• **What is needed**:
Retype, word for word, every line from the one holding "#122=ADVANCED_FACE('F609',(#121),#94,.F.);" through the one holding "#129=VECTOR('',#128,1.);" in the entries below, both included, and only those lines.

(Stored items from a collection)
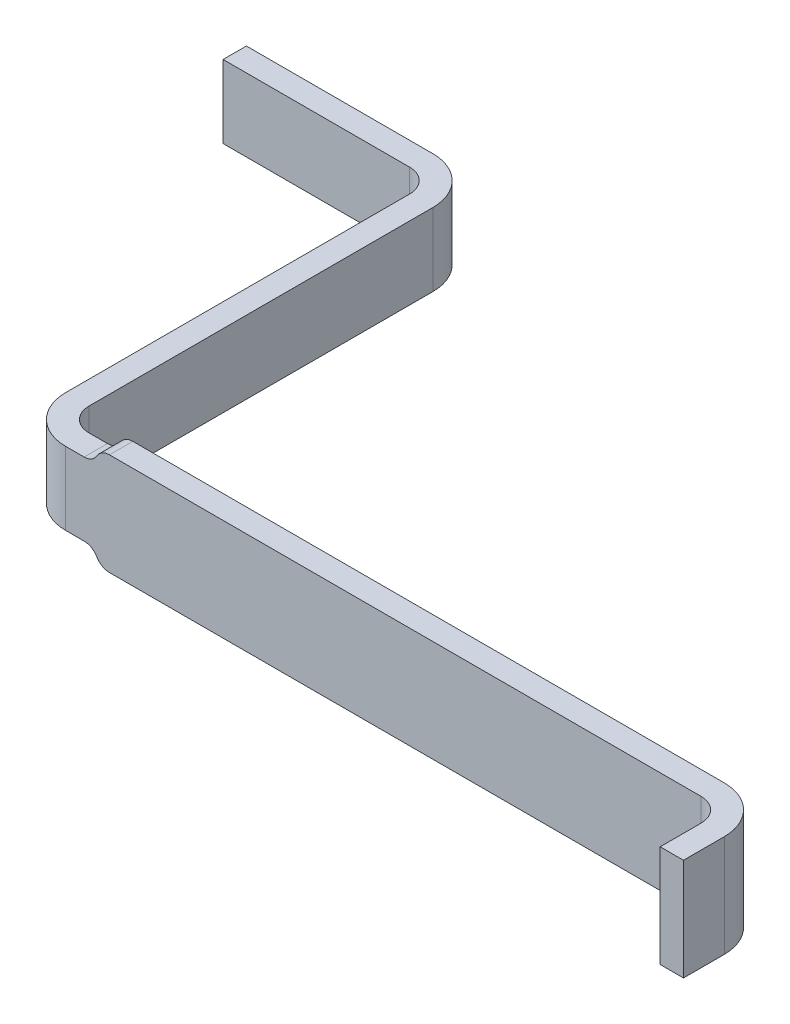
ISO-10303-21;
HEADER;
FILE_DESCRIPTION(('STEP AP214'),'2;1');
FILE_NAME('part.step','',(''),(''),'','','');
FILE_SCHEMA(('AUTOMOTIVE_DESIGN { 1 0 10303 214 1 1 1 1 }'));
ENDSEC;
DATA;
#1=APPLICATION_CONTEXT('core data for automotive mechanical design processes');
#2=APPLICATION_PROTOCOL_DEFINITION('international standard','automotive_design',2000,#1);
#3=PRODUCT_CONTEXT('',#1,'mechanical');
#4=PRODUCT('Part','Part','',(#3));
#5=PRODUCT_RELATED_PRODUCT_CATEGORY('part','',(#4));
#6=PRODUCT_DEFINITION_FORMATION('','',#4);
#7=PRODUCT_DEFINITION_CONTEXT('part definition',#1,'design');
#8=PRODUCT_DEFINITION('design','',#6,#7);
#9=PRODUCT_DEFINITION_SHAPE('','',#8);
#10=(LENGTH_UNIT() NAMED_UNIT(*) SI_UNIT(.MILLI.,.METRE.));
#11=(NAMED_UNIT(*) PLANE_ANGLE_UNIT() SI_UNIT($,.RADIAN.));
#12=(NAMED_UNIT(*) SI_UNIT($,.STERADIAN.) SOLID_ANGLE_UNIT());
#13=UNCERTAINTY_MEASURE_WITH_UNIT(LENGTH_MEASURE(1.E-05),#10,'distance_accuracy_value','');
#14=(GEOMETRIC_REPRESENTATION_CONTEXT(3) GLOBAL_UNCERTAINTY_ASSIGNED_CONTEXT((#13)) GLOBAL_UNIT_ASSIGNED_CONTEXT((#10,
#11,#12)) REPRESENTATION_CONTEXT('',''));
#15=CARTESIAN_POINT('',(0.,0.,0.));
#16=DIRECTION('',(0.,0.,1.));
#17=DIRECTION('',(1.,0.,0.));
#18=AXIS2_PLACEMENT_3D('',#15,#16,#17);
#19=CARTESIAN_POINT('',(1.31672563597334,0.,-0.0499999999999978));
#20=DIRECTION('',(0.,0.,-1.));
#21=DIRECTION('',(-1.,0.,0.));
#22=AXIS2_PLACEMENT_3D('',#19,#20,#21);
#23=PLANE('',#22);
#24=DIRECTION('',(0.,1.,0.));
#25=VECTOR('',#24,1.);
#26=CARTESIAN_POINT('',(-1.92,-0.175,-0.0500000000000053));
#27=LINE('',#26,#25);
#28=CARTESIAN_POINT('',(-1.92,-0.124999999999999,-0.0500000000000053));
#29=VERTEX_POINT('',#28);
#30=CARTESIAN_POINT('',(-1.92,0.125,-0.0500000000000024));
#31=VERTEX_POINT('',#30);
#32=EDGE_CURVE('E271',#29,#31,#27,.T.);
#33=ORIENTED_EDGE('',*,*,#32,.F.);
#34=DIRECTION('',(-1.,0.,0.));
#35=VECTOR('',#34,1.);
#36=CARTESIAN_POINT('',(-1.92,-0.124999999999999,-0.0500000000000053));
#37=LINE('',#36,#35);
#38=CARTESIAN_POINT('',(-1.28,-0.124999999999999,-0.0500000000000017));
#39=VERTEX_POINT('',#38);
#40=EDGE_CURVE('E127',#29,#39,#37,.F.);
#41=ORIENTED_EDGE('',*,*,#40,.T.);
#42=DIRECTION('',(0.,1.,0.));
#43=VECTOR('',#42,1.);
#44=CARTESIAN_POINT('',(-1.28,0.,-0.049999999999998));
#45=LINE('',#44,#43);
#46=CARTESIAN_POINT('',(-1.28,0.125,-0.0499999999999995));
#47=VERTEX_POINT('',#46);
#48=EDGE_CURVE('E263',#39,#47,#45,.T.);
#49=ORIENTED_EDGE('',*,*,#48,.T.);
#50=DIRECTION('',(1.,0.,0.));
#51=VECTOR('',#50,1.);
#52=CARTESIAN_POINT('',(0.290123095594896,0.124999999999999,-0.0500000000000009));
#53=LINE('',#52,#51);
#54=EDGE_CURVE('E261',#47,#31,#53,.F.);
#55=ORIENTED_EDGE('',*,*,#54,.T.);
#56=EDGE_LOOP('',(#33,#41,#49,#55));
#57=FACE_BOUND('',#56,.T.);
#58=ADVANCED_FACE('F16',(#57),#23,.F.);
#59=CARTESIAN_POINT('',(-1.92,-0.175,-0.0500000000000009));
#60=DIRECTION('',(-1.,0.,0.));
#61=DIRECTION('',(0.,0.,1.));
#62=AXIS2_PLACEMENT_3D('',#59,#60,#61);
#63=PLANE('',#62);
#64=DIRECTION('',(0.,0.,1.));
#65=VECTOR('',#64,1.);
#66=CARTESIAN_POINT('',(-1.92,-0.124999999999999,-0.0500000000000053));
#67=LINE('',#66,#65);
#68=CARTESIAN_POINT('',(-1.92,-0.124999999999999,-0.130000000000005));
#69=VERTEX_POINT('',#68);
#70=EDGE_CURVE('E133',#69,#29,#67,.T.);
#71=ORIENTED_EDGE('',*,*,#70,.T.);
#72=ORIENTED_EDGE('',*,*,#32,.T.);
#73=DIRECTION('',(0.,0.,1.));
#74=VECTOR('',#73,1.);
#75=CARTESIAN_POINT('',(-1.92,0.125,-0.05));
#76=LINE('',#75,#74);
#77=CARTESIAN_POINT('',(-1.92,0.125,-0.130000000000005));
#78=VERTEX_POINT('',#77);
#79=EDGE_CURVE('E256',#31,#78,#76,.F.);
#80=ORIENTED_EDGE('',*,*,#79,.T.);
#81=DIRECTION('',(0.,1.,0.));
#82=VECTOR('',#81,1.);
#83=CARTESIAN_POINT('',(-1.92,0.,-0.130000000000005));
#84=LINE('',#83,#82);
#85=EDGE_CURVE('E240',#69,#78,#84,.T.);
#86=ORIENTED_EDGE('',*,*,#85,.F.);
#87=EDGE_LOOP('',(#71,#72,#80,#86));
#88=FACE_BOUND('',#87,.T.);
#89=ADVANCED_FACE('F433',(#88),#63,.T.);
#90=CARTESIAN_POINT('',(-1.28,0.,0.0299999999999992));
#91=DIRECTION('',(0.,1.,0.));
#92=DIRECTION('',(0.,0.,1.));
#93=AXIS2_PLACEMENT_3D('',#90,#91,#92);
#94=CYLINDRICAL_SURFACE('',#93,0.0799999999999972);
#95=ORIENTED_EDGE('',*,*,#48,.F.);
#96=CARTESIAN_POINT('',(-1.28,-0.124999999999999,0.0299999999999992));
#97=DIRECTION('',(0.,1.,0.));
#98=DIRECTION('',(0.,0.,1.));
#99=AXIS2_PLACEMENT_3D('',#96,#97,#98);
#100=CIRCLE('',#99,0.0799999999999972);
#101=CARTESIAN_POINT('',(-1.2,-0.124999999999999,0.0299999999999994));
#102=VERTEX_POINT('',#101);
#103=EDGE_CURVE('E19',#39,#102,#100,.F.);
#104=ORIENTED_EDGE('',*,*,#103,.T.);
#105=DIRECTION('',(0.,1.,0.));
#106=VECTOR('',#105,1.);
#107=CARTESIAN_POINT('',(-1.2,0.,0.0299999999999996));
#108=LINE('',#107,#106);
#109=CARTESIAN_POINT('',(-1.2,0.125,0.0299999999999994));
#110=VERTEX_POINT('',#109);
#111=EDGE_CURVE('E229',#102,#110,#108,.T.);
#112=ORIENTED_EDGE('',*,*,#111,.T.);
#113=CARTESIAN_POINT('',(-1.28,0.125,0.0299999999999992));
#114=DIRECTION('',(0.,1.,0.));
#115=DIRECTION('',(0.,0.,1.));
#116=AXIS2_PLACEMENT_3D('',#113,#114,#115);
#117=CIRCLE('',#116,0.0799999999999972);
#118=EDGE_CURVE('E226',#110,#47,#117,.T.);
#119=ORIENTED_EDGE('',*,*,#118,.T.);
#120=EDGE_LOOP('',(#95,#104,#112,#119));
#121=FACE_BOUND('',#120,.T.);
#122=ADVANCED_FACE('F609',(#121),#94,.F.);
#123=CARTESIAN_POINT('',(1.22000000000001,0.,0.196637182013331));
#124=DIRECTION('',(1.,0.,0.));
#125=DIRECTION('',(0.,0.,-1.));
#126=AXIS2_PLACEMENT_3D('',#123,#124,#125);
#127=PLANE('',#126);
#128=DIRECTION('',(0.,0.,-1.));
#129=VECTOR('',#128,1.);
#130=CARTESIAN_POINT('',(1.22,-0.175,1.59));
#131=LINE('',#130,#129);
#132=CARTESIAN_POINT('',(1.22,-0.175,1.59));
#133=VERTEX_POINT('',#132);
#134=CARTESIAN_POINT('',(1.22,-0.175,1.45));
#135=VERTEX_POINT('',#134);
#136=EDGE_CURVE('E349',#133,#135,#131,.T.);
#137=ORIENTED_EDGE('',*,*,#136,.F.);
#138=DIRECTION('',(0.,1.,0.));
#139=VECTOR('',#138,1.);
#140=CARTESIAN_POINT('',(1.22,0.175,1.59));
#141=LINE('',#140,#139);
#142=CARTESIAN_POINT('',(1.22,0.175,1.59));
#143=VERTEX_POINT('',#142);
#144=EDGE_CURVE('E228',#143,#133,#141,.F.);
#145=ORIENTED_EDGE('',*,*,#144,.F.);
#146=DIRECTION('',(0.,0.,1.));
#147=VECTOR('',#146,1.);
#148=CARTESIAN_POINT('',(1.22,0.175,1.28663718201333));
#149=LINE('',#148,#147);
#150=CARTESIAN_POINT('',(1.22,0.175,1.45));
#151=VERTEX_POINT('',#150);
#152=EDGE_CURVE('E234',#151,#143,#149,.T.);
#153=ORIENTED_EDGE('',*,*,#152,.F.);
#154=DIRECTION('',(0.,-1.,0.));
#155=VECTOR('',#154,1.);
#156=CARTESIAN_POINT('',(1.22,0.,1.45));
#157=LINE('',#156,#155);
#158=EDGE_CURVE('E225',#151,#135,#157,.T.);
#159=ORIENTED_EDGE('',*,*,#158,.T.);
#160=EDGE_LOOP('',(#137,#145,#153,#159));
#161=FACE_BOUND('',#160,.T.);
#162=ADVANCED_FACE('F403',(#161),#127,.F.);
#163=CARTESIAN_POINT('',(1.31672563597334,0.,-0.129999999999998));
#164=DIRECTION('',(0.,0.,-1.));
#165=DIRECTION('',(-1.,0.,0.));
#166=AXIS2_PLACEMENT_3D('',#163,#164,#165);
#167=PLANE('',#166);
#168=DIRECTION('',(-1.,0.,0.));
#169=VECTOR('',#168,1.);
#170=CARTESIAN_POINT('',(1.31672563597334,-0.124999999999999,-0.129999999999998));
#171=LINE('',#170,#169);
#172=CARTESIAN_POINT('',(-1.28,-0.124999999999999,-0.130000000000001));
#173=VERTEX_POINT('',#172);
#174=EDGE_CURVE('E248',#173,#69,#171,.T.);
#175=ORIENTED_EDGE('',*,*,#174,.T.);
#176=ORIENTED_EDGE('',*,*,#85,.T.);
#177=DIRECTION('',(-1.,0.,0.));
#178=VECTOR('',#177,1.);
#179=CARTESIAN_POINT('',(1.31672563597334,0.125,-0.129999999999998));
#180=LINE('',#179,#178);
#181=CARTESIAN_POINT('',(-1.28,0.125,-0.130000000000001));
#182=VERTEX_POINT('',#181);
#183=EDGE_CURVE('E251',#78,#182,#180,.F.);
#184=ORIENTED_EDGE('',*,*,#183,.T.);
#185=DIRECTION('',(0.,1.,0.));
#186=VECTOR('',#185,1.);
#187=CARTESIAN_POINT('',(-1.28,0.,-0.129999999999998));
#188=LINE('',#187,#186);
#189=EDGE_CURVE('E222',#173,#182,#188,.T.);
#190=ORIENTED_EDGE('',*,*,#189,.F.);
#191=EDGE_LOOP('',(#175,#176,#184,#190));
#192=FACE_BOUND('',#191,.T.);
#193=ADVANCED_FACE('F436',(#192),#167,.T.);
#194=CARTESIAN_POINT('',(-1.20000000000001,0.,2.46336281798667));
#195=DIRECTION('',(1.,0.,0.));
#196=DIRECTION('',(0.,0.,-1.));
#197=AXIS2_PLACEMENT_3D('',#194,#195,#196);
#198=PLANE('',#197);
#199=ORIENTED_EDGE('',*,*,#111,.F.);
#200=DIRECTION('',(0.,0.,1.));
#201=VECTOR('',#200,1.);
#202=CARTESIAN_POINT('',(-1.2,-0.124999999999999,-0.77336281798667));
#203=LINE('',#202,#201);
#204=CARTESIAN_POINT('',(-1.2,-0.124999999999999,1.21));
#205=VERTEX_POINT('',#204);
#206=EDGE_CURVE('E247',#102,#205,#203,.T.);
#207=ORIENTED_EDGE('',*,*,#206,.T.);
#208=DIRECTION('',(0.,-1.,0.));
#209=VECTOR('',#208,1.);
#210=CARTESIAN_POINT('',(-1.2,0.,1.21));
#211=LINE('',#210,#209);
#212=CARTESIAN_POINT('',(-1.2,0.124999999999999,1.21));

• **Solution to this problem**:
#122=ADVANCED_FACE('F609',(#121),#94,.F.);
#123=CARTESIAN_POINT('',(1.22000000000001,0.,0.196637182013331));
#124=DIRECTION('',(1.,0.,0.));
#125=DIRECTION('',(0.,0.,-1.));
#126=AXIS2_PLACEMENT_3D('',#123,#124,#125);
#127=PLANE('',#126);
#128=DIRECTION('',(0.,0.,-1.));
#129=VECTOR('',#128,1.);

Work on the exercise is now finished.